You should have as one of the outputs a stack image of the offset, variance and gain. You can find the gain image and identify the hot pixels (e.g. just use the contrast and set the minimum above 17). Then look at the corresponding variance and see if the same pixels have low variance. Also check the input images and see if those pixels are always very bright or saturated.

If you do have hot pixels then there are a few options:

  1. If the pixels are conveniently located then you may be able to perform imaging using a crop that does not include the bad pixels.

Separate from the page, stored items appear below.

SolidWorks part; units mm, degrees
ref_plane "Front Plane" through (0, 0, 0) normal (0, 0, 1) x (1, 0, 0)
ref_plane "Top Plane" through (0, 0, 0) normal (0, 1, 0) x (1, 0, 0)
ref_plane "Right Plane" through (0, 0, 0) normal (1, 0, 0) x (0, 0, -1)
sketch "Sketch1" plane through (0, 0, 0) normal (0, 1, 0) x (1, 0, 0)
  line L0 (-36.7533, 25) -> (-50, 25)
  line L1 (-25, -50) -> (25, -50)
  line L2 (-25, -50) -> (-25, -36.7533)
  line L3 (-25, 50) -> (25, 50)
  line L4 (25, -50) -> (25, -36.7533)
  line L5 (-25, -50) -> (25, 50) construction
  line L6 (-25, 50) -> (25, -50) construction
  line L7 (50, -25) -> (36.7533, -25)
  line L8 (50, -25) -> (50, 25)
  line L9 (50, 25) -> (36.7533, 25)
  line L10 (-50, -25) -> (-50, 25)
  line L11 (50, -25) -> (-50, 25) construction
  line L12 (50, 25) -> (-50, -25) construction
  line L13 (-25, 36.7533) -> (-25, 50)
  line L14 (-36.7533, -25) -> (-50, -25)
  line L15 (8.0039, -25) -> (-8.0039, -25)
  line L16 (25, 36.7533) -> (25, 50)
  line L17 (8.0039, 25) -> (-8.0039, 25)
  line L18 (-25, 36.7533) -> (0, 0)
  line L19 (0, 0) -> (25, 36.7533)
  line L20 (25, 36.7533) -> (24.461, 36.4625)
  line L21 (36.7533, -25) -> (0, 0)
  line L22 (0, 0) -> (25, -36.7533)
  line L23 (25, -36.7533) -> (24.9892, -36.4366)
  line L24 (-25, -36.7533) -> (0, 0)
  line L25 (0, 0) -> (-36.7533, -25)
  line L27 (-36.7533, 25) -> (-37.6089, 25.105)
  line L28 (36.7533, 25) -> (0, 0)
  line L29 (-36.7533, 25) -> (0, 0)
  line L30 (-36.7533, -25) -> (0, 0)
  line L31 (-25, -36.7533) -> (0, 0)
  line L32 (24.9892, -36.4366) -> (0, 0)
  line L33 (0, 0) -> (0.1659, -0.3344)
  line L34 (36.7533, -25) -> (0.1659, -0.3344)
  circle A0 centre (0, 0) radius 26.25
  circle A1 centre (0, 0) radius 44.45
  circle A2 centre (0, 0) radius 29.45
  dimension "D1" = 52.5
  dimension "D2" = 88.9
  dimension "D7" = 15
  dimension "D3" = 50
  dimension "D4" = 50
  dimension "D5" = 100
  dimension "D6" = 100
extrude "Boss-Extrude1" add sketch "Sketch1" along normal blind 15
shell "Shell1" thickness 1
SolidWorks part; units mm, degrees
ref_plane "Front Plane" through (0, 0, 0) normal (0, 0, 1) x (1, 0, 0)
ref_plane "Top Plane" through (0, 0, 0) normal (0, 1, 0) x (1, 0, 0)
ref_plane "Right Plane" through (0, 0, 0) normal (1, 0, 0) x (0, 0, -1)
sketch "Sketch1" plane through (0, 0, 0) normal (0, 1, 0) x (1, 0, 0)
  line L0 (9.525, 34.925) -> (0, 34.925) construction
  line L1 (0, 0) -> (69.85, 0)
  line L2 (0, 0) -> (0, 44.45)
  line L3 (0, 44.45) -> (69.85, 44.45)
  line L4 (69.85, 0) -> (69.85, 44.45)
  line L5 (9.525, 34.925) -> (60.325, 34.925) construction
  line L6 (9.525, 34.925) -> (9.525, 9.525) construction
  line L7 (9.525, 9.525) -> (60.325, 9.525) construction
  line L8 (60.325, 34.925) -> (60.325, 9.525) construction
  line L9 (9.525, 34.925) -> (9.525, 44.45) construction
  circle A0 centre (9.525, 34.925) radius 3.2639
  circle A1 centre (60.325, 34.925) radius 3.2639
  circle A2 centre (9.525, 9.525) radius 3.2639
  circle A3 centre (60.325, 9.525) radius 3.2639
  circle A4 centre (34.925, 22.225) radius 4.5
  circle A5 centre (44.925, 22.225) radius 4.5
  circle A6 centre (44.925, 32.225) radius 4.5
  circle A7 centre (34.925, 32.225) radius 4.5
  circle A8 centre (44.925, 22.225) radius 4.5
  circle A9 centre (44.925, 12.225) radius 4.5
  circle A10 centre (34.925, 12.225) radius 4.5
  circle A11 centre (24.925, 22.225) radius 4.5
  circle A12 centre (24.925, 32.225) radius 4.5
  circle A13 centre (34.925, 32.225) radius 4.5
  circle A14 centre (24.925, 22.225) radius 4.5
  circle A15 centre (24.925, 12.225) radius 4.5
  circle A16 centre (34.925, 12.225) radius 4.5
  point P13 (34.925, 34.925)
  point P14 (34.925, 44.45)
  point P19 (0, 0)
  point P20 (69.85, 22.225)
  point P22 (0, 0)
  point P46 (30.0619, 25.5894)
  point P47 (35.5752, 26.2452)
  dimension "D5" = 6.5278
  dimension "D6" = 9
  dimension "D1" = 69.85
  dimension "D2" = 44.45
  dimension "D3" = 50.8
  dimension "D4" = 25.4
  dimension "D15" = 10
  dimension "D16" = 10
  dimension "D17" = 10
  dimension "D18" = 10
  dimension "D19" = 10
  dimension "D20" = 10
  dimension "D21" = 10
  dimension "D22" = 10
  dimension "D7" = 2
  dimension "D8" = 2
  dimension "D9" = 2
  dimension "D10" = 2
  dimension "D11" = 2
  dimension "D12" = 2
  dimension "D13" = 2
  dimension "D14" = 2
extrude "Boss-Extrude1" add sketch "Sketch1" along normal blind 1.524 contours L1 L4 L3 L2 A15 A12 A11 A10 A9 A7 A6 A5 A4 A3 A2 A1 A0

  2. Map them out using an average of the surrounding pixels. You will then have to repeat the sCMOS analysis on your mapped out image. Some cameras can be configured to map out "hot" pixels at the hardware level which would replace it with some averaging of the surrounding pixels. Perhaps your camera has this functionality.

  3. Use the sCMOS camera model as is. When fitting an image the same pixels will have their value scaled down by this extremely high gain value. If this normalisation works then these bright pixels will be reduced to the same intensity as their neighbours and so will no longer be local maxima. This will prevent the program fitting a spot at that position on every image. The effect on fitting will depend also on the variance of the pixel when it contributes to the PSF region of a spot.

You can see the camera model and apply filtering to an image using the model (i.e. subtract the bias and divide by the gain) with the 'Camera Model Manager' plugin.

Note that we never encountered such pixels in our sCMOS camera and so the SMLM code does not have special handling to ignore these pixels. If your camera is under warranty then you could report it to the manufacturer and it may be fixable.